We use different forms of the word amaze a total of three times. Each of these different forms is called an 'inflection', which is the modification of a word to slightly adjust the meaning or context of the word. When we tokenize this text we produce three different tokens for each inflection of happy, which is okay but in many applications this level of granularity in the semantic meaning of the word is not required and can damage model performance.

Later, when we get to using more complex, sophisticated models (eg BERT), we will use different methods that maintain the inflection of each word - but it is important to understand stemming as it was a very important part of text preprocessing for a very long time, and still relevant to many applications.

To apply stemming we will be using the NLTK package, which provides several different stemmers, we will test the PorterStemmer and LancasterStemmer.

In [1]:
words_to_stem = ['happy', 'happiest', 'happier', 'cactus', 'cactii', 'elephant', 'elephants', 'amazed', 'amazing', 'amazingly', 'cement', 'owed', 'maximum']

from nltk.stem import PorterStemmer, LancasterStemmer

porter = PorterStemmer()
lancaster = LancasterStemmer()

stemmed = [(porter.stem(word), lancaster.stem(word)) for word in words_to_stem]

print("Porter | Lancaster")
for stem in stemmed:
    print(f"{stem[0]} | {stem[1]}")

Porter | Lancaster
happi | happy
happiest | happiest
happier | happy
cactu | cact
cactii | cacti
eleph | eleph
eleph | eleph
amaz | amaz
amaz | amaz
amazingli | amaz
cement | cem
owe | ow
maximum | maxim


#### Lemmatization

Lemmatization is very similiar to stemming in that it reduces a set of inflected words down to a common word. The difference is that lemmatization reduces inflections down to their real root words, which is called a lemma.
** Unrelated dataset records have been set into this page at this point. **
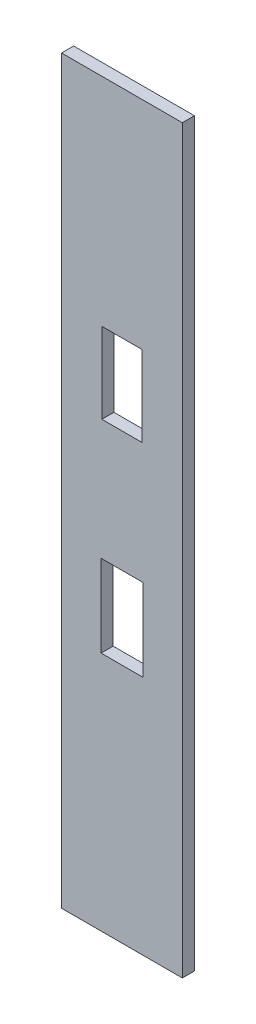
ISO-10303-21;
HEADER;
FILE_DESCRIPTION(('STEP AP214'),'2;1');
FILE_NAME('part.step','',(''),(''),'','','');
FILE_SCHEMA(('AUTOMOTIVE_DESIGN { 1 0 10303 214 1 1 1 1 }'));
ENDSEC;
DATA;
#1=APPLICATION_CONTEXT('core data for automotive mechanical design processes');
#2=APPLICATION_PROTOCOL_DEFINITION('international standard','automotive_design',2000,#1);
#3=PRODUCT_CONTEXT('',#1,'mechanical');
#4=PRODUCT('Part','Part','',(#3));
#5=PRODUCT_RELATED_PRODUCT_CATEGORY('part','',(#4));
#6=PRODUCT_DEFINITION_FORMATION('','',#4);
#7=PRODUCT_DEFINITION_CONTEXT('part definition',#1,'design');
#8=PRODUCT_DEFINITION('design','',#6,#7);
#9=PRODUCT_DEFINITION_SHAPE('','',#8);
#10=(LENGTH_UNIT() NAMED_UNIT(*) SI_UNIT(.MILLI.,.METRE.));
#11=(NAMED_UNIT(*) PLANE_ANGLE_UNIT() SI_UNIT($,.RADIAN.));
#12=(NAMED_UNIT(*) SI_UNIT($,.STERADIAN.) SOLID_ANGLE_UNIT());
#13=UNCERTAINTY_MEASURE_WITH_UNIT(LENGTH_MEASURE(1.E-05),#10,'distance_accuracy_value','');
#14=(GEOMETRIC_REPRESENTATION_CONTEXT(3) GLOBAL_UNCERTAINTY_ASSIGNED_CONTEXT((#13)) GLOBAL_UNIT_ASSIGNED_CONTEXT((#10,
#11,#12)) REPRESENTATION_CONTEXT('',''));
#15=CARTESIAN_POINT('',(0.,0.,0.));
#16=DIRECTION('',(0.,0.,1.));
#17=DIRECTION('',(1.,0.,0.));
#18=AXIS2_PLACEMENT_3D('',#15,#16,#17);
#19=CARTESIAN_POINT('',(-75.,-460.,15.));
#20=DIRECTION('',(1.,0.,0.));
#21=DIRECTION('',(0.,0.,-1.));
#22=AXIS2_PLACEMENT_3D('',#19,#20,#21);
#23=PLANE('',#22);
#24=DIRECTION('',(0.,-1.,0.));
#25=VECTOR('',#24,1.);
#26=CARTESIAN_POINT('',(-75.,-460.,0.));
#27=LINE('',#26,#25);
#28=CARTESIAN_POINT('',(-75.,460.,0.));
#29=VERTEX_POINT('',#28);
#30=CARTESIAN_POINT('',(-75.,-460.,0.));
#31=VERTEX_POINT('',#30);
#32=EDGE_CURVE('E181',#29,#31,#27,.T.);
#33=ORIENTED_EDGE('',*,*,#32,.T.);
#34=DIRECTION('',(0.,0.,-1.));
#35=VECTOR('',#34,1.);
#36=CARTESIAN_POINT('',(-75.,-460.,15.));
#37=LINE('',#36,#35);
#38=CARTESIAN_POINT('',(-75.,-460.,15.));
#39=VERTEX_POINT('',#38);
#40=EDGE_CURVE('E209',#39,#31,#37,.T.);
#41=ORIENTED_EDGE('',*,*,#40,.F.);
#42=DIRECTION('',(0.,-1.,0.));
#43=VECTOR('',#42,1.);
#44=CARTESIAN_POINT('',(-75.,-460.,15.));
#45=LINE('',#44,#43);
#46=CARTESIAN_POINT('',(-75.,460.,15.));
#47=VERTEX_POINT('',#46);
#48=EDGE_CURVE('E184',#47,#39,#45,.T.);
#49=ORIENTED_EDGE('',*,*,#48,.F.);
#50=DIRECTION('',(0.,0.,-1.));
#51=VECTOR('',#50,1.);
#52=CARTESIAN_POINT('',(-75.,460.,15.));
#53=LINE('',#52,#51);
#54=EDGE_CURVE('E193',#47,#29,#53,.T.);
#55=ORIENTED_EDGE('',*,*,#54,.T.);
#56=EDGE_LOOP('',(#33,#41,#49,#55));
#57=FACE_BOUND('',#56,.T.);
#58=ADVANCED_FACE('F39',(#57),#23,.F.);
#59=CARTESIAN_POINT('',(75.,-460.,15.));
#60=DIRECTION('',(0.,1.,0.));
#61=DIRECTION('',(-1.,0.,0.));
#62=AXIS2_PLACEMENT_3D('',#59,#60,#61);
#63=PLANE('',#62);
#64=DIRECTION('',(1.,0.,0.));
#65=VECTOR('',#64,1.);
#66=CARTESIAN_POINT('',(75.,-460.,0.));
#67=LINE('',#66,#65);
#68=CARTESIAN_POINT('',(75.,-460.,0.));
#69=VERTEX_POINT('',#68);
#70=EDGE_CURVE('E197',#31,#69,#67,.T.);
#71=ORIENTED_EDGE('',*,*,#70,.T.);
#72=DIRECTION('',(0.,0.,-1.));
#73=VECTOR('',#72,1.);
#74=CARTESIAN_POINT('',(75.,-460.,15.));
#75=LINE('',#74,#73);
#76=CARTESIAN_POINT('',(75.,-460.,15.));
#77=VERTEX_POINT('',#76);
#78=EDGE_CURVE('E210',#77,#69,#75,.T.);
#79=ORIENTED_EDGE('',*,*,#78,.F.);
#80=DIRECTION('',(1.,0.,0.));
#81=VECTOR('',#80,1.);
#82=CARTESIAN_POINT('',(75.,-460.,15.));
#83=LINE('',#82,#81);
#84=EDGE_CURVE('E190',#39,#77,#83,.T.);
#85=ORIENTED_EDGE('',*,*,#84,.F.);
#86=ORIENTED_EDGE('',*,*,#40,.T.);
#87=EDGE_LOOP('',(#71,#79,#85,#86));
#88=FACE_BOUND('',#87,.T.);
#89=ADVANCED_FACE('F253',(#88),#63,.F.);
#90=CARTESIAN_POINT('',(75.,-460.,15.));
#91=DIRECTION('',(-1.,0.,0.));
#92=DIRECTION('',(0.,0.,1.));
#93=AXIS2_PLACEMENT_3D('',#90,#91,#92);
#94=PLANE('',#93);
#95=DIRECTION('',(0.,1.,0.));
#96=VECTOR('',#95,1.);
#97=CARTESIAN_POINT('',(75.,-460.,0.));
#98=LINE('',#97,#96);
#99=CARTESIAN_POINT('',(75.,460.,0.));
#100=VERTEX_POINT('',#99);
#101=EDGE_CURVE('E200',#69,#100,#98,.T.);
#102=ORIENTED_EDGE('',*,*,#101,.T.);
#103=DIRECTION('',(0.,0.,-1.));
#104=VECTOR('',#103,1.);
#105=CARTESIAN_POINT('',(75.,460.,15.));
#106=LINE('',#105,#104);
#107=CARTESIAN_POINT('',(75.,460.,15.));
#108=VERTEX_POINT('',#107);
#109=EDGE_CURVE('E204',#108,#100,#106,.T.);
#110=ORIENTED_EDGE('',*,*,#109,.F.);
#111=DIRECTION('',(0.,1.,0.));
#112=VECTOR('',#111,1.);
#113=CARTESIAN_POINT('',(75.,-460.,15.));
#114=LINE('',#113,#112);
#115=EDGE_CURVE('E189',#77,#108,#114,.T.);
#116=ORIENTED_EDGE('',*,*,#115,.F.);
#117=ORIENTED_EDGE('',*,*,#78,.T.);
#118=EDGE_LOOP('',(#102,#110,#116,#117));
#119=FACE_BOUND('',#118,.T.);
#120=ADVANCED_FACE('F258',(#119),#94,.F.);
#121=CARTESIAN_POINT('',(75.,460.,15.));
#122=DIRECTION('',(0.,-1.,0.));
#123=DIRECTION('',(0.,0.,-1.));
#124=AXIS2_PLACEMENT_3D('',#121,#122,#123);
#125=PLANE('',#124);
#126=DIRECTION('',(-1.,0.,0.));
#127=VECTOR('',#126,1.);
#128=CARTESIAN_POINT('',(75.,460.,0.));
#129=LINE('',#128,#127);
#130=EDGE_CURVE('E187',#100,#29,#129,.T.);
#131=ORIENTED_EDGE('',*,*,#130,.T.);
#132=ORIENTED_EDGE('',*,*,#54,.F.);
#133=DIRECTION('',(-1.,0.,0.));
#134=VECTOR('',#133,1.);
#135=CARTESIAN_POINT('',(75.,460.,15.));
#136=LINE('',#135,#134);
#137=EDGE_CURVE('E191',#108,#47,#136,.T.);
#138=ORIENTED_EDGE('',*,*,#137,.F.);
#139=ORIENTED_EDGE('',*,*,#109,.T.);
#140=EDGE_LOOP('',(#131,#132,#138,#139));
#141=FACE_BOUND('',#140,.T.);
#142=ADVANCED_FACE('F267',(#141),#125,.F.);
#143=CARTESIAN_POINT('',(0.,0.,15.));
#144=DIRECTION('',(0.,0.,1.));
#145=DIRECTION('',(1.,0.,0.));
#146=AXIS2_PLACEMENT_3D('',#143,#144,#145);
#147=PLANE('',#146);
#148=DIRECTION('',(0.,1.,0.));
#149=VECTOR('',#148,1.);
#150=CARTESIAN_POINT('',(-25.,191.,15.));
#151=LINE('',#150,#149);
#152=CARTESIAN_POINT('',(-25.,90.9999999999999,15.));
#153=VERTEX_POINT('',#152);
#154=CARTESIAN_POINT('',(-25.,191.,15.));
#155=VERTEX_POINT('',#154);
#156=EDGE_CURVE('E129',#153,#155,#151,.T.);
#157=ORIENTED_EDGE('',*,*,#156,.T.);
#158=DIRECTION('',(1.,0.,0.));
#159=VECTOR('',#158,1.);
#160=CARTESIAN_POINT('',(25.,191.,15.));
#161=LINE('',#160,#159);
#162=CARTESIAN_POINT('',(25.,191.,15.));
#163=VERTEX_POINT('',#162);
#164=EDGE_CURVE('E140',#155,#163,#161,.T.);
#165=ORIENTED_EDGE('',*,*,#164,.T.);
#166=DIRECTION('',(0.,-1.,0.));
#167=VECTOR('',#166,1.);
#168=CARTESIAN_POINT('',(25.,191.,15.));
#169=LINE('',#168,#167);
#170=CARTESIAN_POINT('',(25.,90.9999999999999,15.));
#171=VERTEX_POINT('',#170);
#172=EDGE_CURVE('E52',#163,#171,#169,.T.);
#173=ORIENTED_EDGE('',*,*,#172,.T.);
#174=DIRECTION('',(-1.,0.,0.));
#175=VECTOR('',#174,1.);
#176=CARTESIAN_POINT('',(25.,90.9999999999999,15.));
#177=LINE('',#176,#175);
#178=EDGE_CURVE('E134',#171,#153,#177,.T.);
#179=ORIENTED_EDGE('',*,*,#178,.T.);
#180=EDGE_LOOP('',(#157,#165,#173,#179));
#181=FACE_BOUND('',#180,.T.);
#182=DIRECTION('',(0.,1.,0.));
#183=VECTOR('',#182,1.);
#184=CARTESIAN_POINT('',(26.,0.,15.));
#185=LINE('',#184,#183);
#186=CARTESIAN_POINT('',(26.,-161.,15.));
#187=VERTEX_POINT('',#186);
#188=CARTESIAN_POINT('',(26.,-59.0000000000001,15.));
#189=VERTEX_POINT('',#188);
#190=EDGE_CURVE('E182',#187,#189,#185,.T.);
#191=ORIENTED_EDGE('',*,*,#190,.F.);
#192=DIRECTION('',(1.,0.,0.));
#193=VECTOR('',#192,1.);
#194=CARTESIAN_POINT('',(0.,-161.,15.));
#195=LINE('',#194,#193);
#196=CARTESIAN_POINT('',(-26.,-161.,15.));
#197=VERTEX_POINT('',#196);
#198=EDGE_CURVE('E170',#197,#187,#195,.T.);
#199=ORIENTED_EDGE('',*,*,#198,.F.);
#200=DIRECTION('',(0.,-1.,0.));
#201=VECTOR('',#200,1.);
#202=CARTESIAN_POINT('',(-26.,0.,15.));
#203=LINE('',#202,#201);
#204=CARTESIAN_POINT('',(-26.,-59.0000000000001,15.));
#205=VERTEX_POINT('',#204);
#206=EDGE_CURVE('E179',#205,#197,#203,.T.);
#207=ORIENTED_EDGE('',*,*,#206,.F.);
#208=DIRECTION('',(-1.,0.,0.));
#209=VECTOR('',#208,1.);
#210=CARTESIAN_POINT('',(0.,-59.0000000000001,15.));
#211=LINE('',#210,#209);
#212=EDGE_CURVE('E178',#189,#205,#211,.T.);
#213=ORIENTED_EDGE('',*,*,#212,.F.);
#214=EDGE_LOOP('',(#191,#199,#207,#213));
#215=FACE_BOUND('',#214,.T.);
#216=ORIENTED_EDGE('',*,*,#48,.T.);
#217=ORIENTED_EDGE('',*,*,#84,.T.);
#218=ORIENTED_EDGE('',*,*,#115,.T.);
#219=ORIENTED_EDGE('',*,*,#137,.T.);
#220=EDGE_LOOP('',(#216,#217,#218,#219));
#221=FACE_BOUND('',#220,.T.);
#222=ADVANCED_FACE('F142',(#181,#215,#221),#147,.T.);
#223=CARTESIAN_POINT('',(0.,0.,0.));
#224=DIRECTION('',(0.,0.,1.));
#225=DIRECTION('',(1.,0.,0.));
#226=AXIS2_PLACEMENT_3D('',#223,#224,#225);
#227=PLANE('',#226);
#228=DIRECTION('',(1.,0.,0.));
#229=VECTOR('',#228,1.);
#230=CARTESIAN_POINT('',(25.,191.,0.));
#231=LINE('',#230,#229);
#232=CARTESIAN_POINT('',(-25.,191.,0.));
#233=VERTEX_POINT('',#232);
#234=CARTESIAN_POINT('',(25.,191.,0.));
#235=VERTEX_POINT('',#234);
#236=EDGE_CURVE('E152',#233,#235,#231,.T.);
#237=ORIENTED_EDGE('',*,*,#236,.F.);
#238=DIRECTION('',(0.,1.,0.));
#239=VECTOR('',#238,1.);
#240=CARTESIAN_POINT('',(-25.,191.,0.));
#241=LINE('',#240,#239);
#242=CARTESIAN_POINT('',(-25.,90.9999999999999,0.));
#243=VERTEX_POINT('',#242);
#244=EDGE_CURVE('E61',#243,#233,#241,.T.);
#245=ORIENTED_EDGE('',*,*,#244,.F.);
#246=DIRECTION('',(-1.,0.,0.));
#247=VECTOR('',#246,1.);
#248=CARTESIAN_POINT('',(25.,90.9999999999999,0.));
#249=LINE('',#248,#247);
#250=CARTESIAN_POINT('',(25.,90.9999999999999,0.));
#251=VERTEX_POINT('',#250);
#252=EDGE_CURVE('E144',#251,#243,#249,.T.);
#253=ORIENTED_EDGE('',*,*,#252,.F.);
#254=DIRECTION('',(0.,-1.,0.));
#255=VECTOR('',#254,1.);
#256=CARTESIAN_POINT('',(25.,191.,0.));
#257=LINE('',#256,#255);
#258=EDGE_CURVE('E146',#235,#251,#257,.T.);
#259=ORIENTED_EDGE('',*,*,#258,.F.);
#260=EDGE_LOOP('',(#237,#245,#253,#259));
#261=FACE_BOUND('',#260,.T.);
#262=DIRECTION('',(1.,0.,0.));
#263=VECTOR('',#262,1.);
#264=CARTESIAN_POINT('',(0.,-161.,0.));
#265=LINE('',#264,#263);
#266=CARTESIAN_POINT('',(-26.,-161.,0.));
#267=VERTEX_POINT('',#266);
#268=CARTESIAN_POINT('',(26.,-161.,0.));
#269=VERTEX_POINT('',#268);
#270=EDGE_CURVE('E213',#267,#269,#265,.T.);
#271=ORIENTED_EDGE('',*,*,#270,.T.);
#272=DIRECTION('',(0.,1.,0.));
#273=VECTOR('',#272,1.);
#274=CARTESIAN_POINT('',(26.,0.,0.));
#275=LINE('',#274,#273);
#276=CARTESIAN_POINT('',(26.,-59.0000000000001,0.));
#277=VERTEX_POINT('',#276);
#278=EDGE_CURVE('E11',#269,#277,#275,.T.);
#279=ORIENTED_EDGE('',*,*,#278,.T.);
#280=DIRECTION('',(-1.,0.,0.));
#281=VECTOR('',#280,1.);
#282=CARTESIAN_POINT('',(0.,-59.0000000000001,0.));
#283=LINE('',#282,#281);
#284=CARTESIAN_POINT('',(-26.,-59.0000000000001,0.));
#285=VERTEX_POINT('',#284);
#286=EDGE_CURVE('E46',#277,#285,#283,.T.);
#287=ORIENTED_EDGE('',*,*,#286,.T.);
#288=DIRECTION('',(0.,-1.,0.));
#289=VECTOR('',#288,1.);
#290=CARTESIAN_POINT('',(-26.,0.,0.));
#291=LINE('',#290,#289);
#292=EDGE_CURVE('E216',#285,#267,#291,.T.);
#293=ORIENTED_EDGE('',*,*,#292,.T.);
#294=EDGE_LOOP('',(#271,#279,#287,#293));
#295=FACE_BOUND('',#294,.T.);
#296=ORIENTED_EDGE('',*,*,#32,.F.);
#297=ORIENTED_EDGE('',*,*,#130,.F.);
#298=ORIENTED_EDGE('',*,*,#101,.F.);
#299=ORIENTED_EDGE('',*,*,#70,.F.);
#300=EDGE_LOOP('',(#296,#297,#298,#299));
#301=FACE_BOUND('',#300,.T.);
#302=ADVANCED_FACE('F219',(#261,#295,#301),#227,.F.);
#303=CARTESIAN_POINT('',(26.,-161.,200.));
#304=DIRECTION('',(1.,0.,0.));
#305=DIRECTION('',(0.,0.,-1.));
#306=AXIS2_PLACEMENT_3D('',#303,#304,#305);
#307=PLANE('',#306);
#308=ORIENTED_EDGE('',*,*,#190,.T.);
#309=DIRECTION('',(0.,0.,-1.));
#310=VECTOR('',#309,1.);
#311=CARTESIAN_POINT('',(26.,-59.0000000000001,200.));
#312=LINE('',#311,#310);
#313=EDGE_CURVE('E163',#189,#277,#312,.T.);
#314=ORIENTED_EDGE('',*,*,#313,.T.);
#315=ORIENTED_EDGE('',*,*,#278,.F.);
#316=DIRECTION('',(0.,0.,-1.));
#317=VECTOR('',#316,1.);
#318=CARTESIAN_POINT('',(26.,-161.,200.));
#319=LINE('',#318,#317);
#320=EDGE_CURVE('E159',#187,#269,#319,.T.);
#321=ORIENTED_EDGE('',*,*,#320,.F.);
#322=EDGE_LOOP('',(#308,#314,#315,#321));
#323=FACE_BOUND('',#322,.T.);
#324=ADVANCED_FACE('F228',(#323),#307,.F.);
#325=CARTESIAN_POINT('',(-26.,-59.0000000000001,200.));
#326=DIRECTION('',(0.,1.,0.));
#327=DIRECTION('',(0.,0.,1.));
#328=AXIS2_PLACEMENT_3D('',#325,#326,#327);
#329=PLANE('',#328);
#330=ORIENTED_EDGE('',*,*,#212,.T.);
#331=DIRECTION('',(0.,0.,-1.));
#332=VECTOR('',#331,1.);
#333=CARTESIAN_POINT('',(-26.,-59.0000000000001,200.));
#334=LINE('',#333,#332);
#335=EDGE_CURVE('E169',#205,#285,#334,.T.);
#336=ORIENTED_EDGE('',*,*,#335,.T.);
#337=ORIENTED_EDGE('',*,*,#286,.F.);
#338=ORIENTED_EDGE('',*,*,#313,.F.);
#339=EDGE_LOOP('',(#330,#336,#337,#338));
#340=FACE_BOUND('',#339,.T.);
#341=ADVANCED_FACE('F223',(#340),#329,.F.);
#342=CARTESIAN_POINT('',(-26.,-161.,200.));
#343=DIRECTION('',(-1.,0.,0.));
#344=DIRECTION('',(0.,0.,1.));
#345=AXIS2_PLACEMENT_3D('',#342,#343,#344);
#346=PLANE('',#345);
#347=ORIENTED_EDGE('',*,*,#206,.T.);
#348=DIRECTION('',(0.,0.,-1.));
#349=VECTOR('',#348,1.);
#350=CARTESIAN_POINT('',(-26.,-161.,200.));
#351=LINE('',#350,#349);
#352=EDGE_CURVE('E171',#197,#267,#351,.T.);
#353=ORIENTED_EDGE('',*,*,#352,.T.);
#354=ORIENTED_EDGE('',*,*,#292,.F.);
#355=ORIENTED_EDGE('',*,*,#335,.F.);
#356=EDGE_LOOP('',(#347,#353,#354,#355));
#357=FACE_BOUND('',#356,.T.);
#358=ADVANCED_FACE('F237',(#357),#346,.F.);
#359=CARTESIAN_POINT('',(-26.,-161.,200.));
#360=DIRECTION('',(0.,-1.,0.));
#361=DIRECTION('',(0.,0.,-1.));
#362=AXIS2_PLACEMENT_3D('',#359,#360,#361);
#363=PLANE('',#362);
#364=ORIENTED_EDGE('',*,*,#198,.T.);
#365=ORIENTED_EDGE('',*,*,#320,.T.);
#366=ORIENTED_EDGE('',*,*,#270,.F.);
#367=ORIENTED_EDGE('',*,*,#352,.F.);
#368=EDGE_LOOP('',(#364,#365,#366,#367));
#369=FACE_BOUND('',#368,.T.);
#370=ADVANCED_FACE('F236',(#369),#363,.F.);
#371=CARTESIAN_POINT('',(-25.,191.,15.));
#372=DIRECTION('',(-1.,0.,0.));
#373=DIRECTION('',(0.,-1.,0.));
#374=AXIS2_PLACEMENT_3D('',#371,#372,#373);
#375=PLANE('',#374);
#376=ORIENTED_EDGE('',*,*,#244,.T.);
#377=DIRECTION('',(0.,0.,-1.));
#378=VECTOR('',#377,1.);
#379=CARTESIAN_POINT('',(-25.,191.,15.));
#380=LINE('',#379,#378);
#381=EDGE_CURVE('E122',#155,#233,#380,.T.);
#382=ORIENTED_EDGE('',*,*,#381,.F.);
#383=ORIENTED_EDGE('',*,*,#156,.F.);
#384=DIRECTION('',(0.,0.,-1.));
#385=VECTOR('',#384,1.);
#386=CARTESIAN_POINT('',(-25.,90.9999999999999,15.));
#387=LINE('',#386,#385);
#388=EDGE_CURVE('E158',#153,#243,#387,.T.);
#389=ORIENTED_EDGE('',*,*,#388,.T.);
#390=EDGE_LOOP('',(#376,#382,#383,#389));
#391=FACE_BOUND('',#390,.T.);
#392=ADVANCED_FACE('F130',(#391),#375,.F.);
#393=CARTESIAN_POINT('',(25.,90.9999999999999,15.));
#394=DIRECTION('',(0.,-1.,0.));
#395=DIRECTION('',(0.,0.,-1.));
#396=AXIS2_PLACEMENT_3D('',#393,#394,#395);
#397=PLANE('',#396);
#398=ORIENTED_EDGE('',*,*,#252,.T.);
#399=ORIENTED_EDGE('',*,*,#388,.F.);
#400=ORIENTED_EDGE('',*,*,#178,.F.);
#401=DIRECTION('',(0.,0.,-1.));
#402=VECTOR('',#401,1.);
#403=CARTESIAN_POINT('',(25.,90.9999999999999,15.));
#404=LINE('',#403,#402);
#405=EDGE_CURVE('E161',#171,#251,#404,.T.);
#406=ORIENTED_EDGE('',*,*,#405,.T.);
#407=EDGE_LOOP('',(#398,#399,#400,#406));
#408=FACE_BOUND('',#407,.T.);
#409=ADVANCED_FACE('F249',(#408),#397,.F.);
#410=CARTESIAN_POINT('',(25.,191.,15.));
#411=DIRECTION('',(1.,0.,0.));
#412=DIRECTION('',(0.,1.,0.));
#413=AXIS2_PLACEMENT_3D('',#410,#411,#412);
#414=PLANE('',#413);
#415=ORIENTED_EDGE('',*,*,#258,.T.);
#416=ORIENTED_EDGE('',*,*,#405,.F.);
#417=ORIENTED_EDGE('',*,*,#172,.F.);
#418=DIRECTION('',(0.,0.,-1.));
#419=VECTOR('',#418,1.);
#420=CARTESIAN_POINT('',(25.,191.,15.));
#421=LINE('',#420,#419);
#422=EDGE_CURVE('E133',#163,#235,#421,.T.);
#423=ORIENTED_EDGE('',*,*,#422,.T.);
#424=EDGE_LOOP('',(#415,#416,#417,#423));
#425=FACE_BOUND('',#424,.T.);
#426=ADVANCED_FACE('F292',(#425),#414,.F.);
#427=CARTESIAN_POINT('',(25.,191.,15.));
#428=DIRECTION('',(0.,1.,0.));
#429=DIRECTION('',(0.,0.,1.));
#430=AXIS2_PLACEMENT_3D('',#427,#428,#429);
#431=PLANE('',#430);
#432=ORIENTED_EDGE('',*,*,#236,.T.);
#433=ORIENTED_EDGE('',*,*,#422,.F.);
#434=ORIENTED_EDGE('',*,*,#164,.F.);
#435=ORIENTED_EDGE('',*,*,#381,.T.);
#436=EDGE_LOOP('',(#432,#433,#434,#435));
#437=FACE_BOUND('',#436,.T.);
#438=ADVANCED_FACE('F138',(#437),#431,.F.);
#439=CLOSED_SHELL('',(#58,#89,#120,#142,#222,#302,#324,#341,#358,#370,#392,#409,#426,#438));
#440=MANIFOLD_SOLID_BREP('B2',#439);
#441=ADVANCED_BREP_SHAPE_REPRESENTATION('',(#18,#440),#14);
#442=SHAPE_DEFINITION_REPRESENTATION(#9,#441);
ENDSEC;
END-ISO-10303-21;

If we take the words 'amaze', 'amazing', 'amazingly', the lemma of all of these is 'amaze'. Compared to stemming which would usually return 'amaz'. Generally lemmatization is seen as more advanced than stemming.

In [5]:
words = ['amaze', 'amazed', 'amazing']

In [6]:
import nltk

nltk.download('wordnet')

[nltk_data] Downloading package wordnet to
[nltk_data]     C:\Users\pedro\AppData\Roaming\nltk_data...


True

In [12]:
from nltk.stem.wordnet import WordNetLemmatizer

lemmatizer = WordNetLemmatizer()

In [15]:
from nltk.corpus import wordnet

[lemmatizer.lemmatize(word, wordnet.VERB) for word in words]

['amaze', 'amaze', 'amaze']

# Normalization

Unicode normalization is used to *normalize* different but similiar characters. For example the following unicode characters (and character combinations) are equivalent:

**Canonical Equivalence**

| | | Equivalence Reason |
| --- | --- | --- |
| Ç | C◌̧ | Combined character sequences |
| 가 | ᄀ ᅡ | Conjoined Korean characters |

**Compatibility equivalence**

| | | Equivalence Reason |
| --- | --- | --- |
| ℌ | H | Font variant |
| \[NBSP\] | \[SPACE\] | Both are linebreak sequences |
| ① | 1 | Circled variant |
| x² | x2 | Superscript |
| xⱼ | xj | Subscript |
| ½ | 1/2 | Fractions |

We have mentioned two different types of equivalence here, canonical and compatibility equivalence.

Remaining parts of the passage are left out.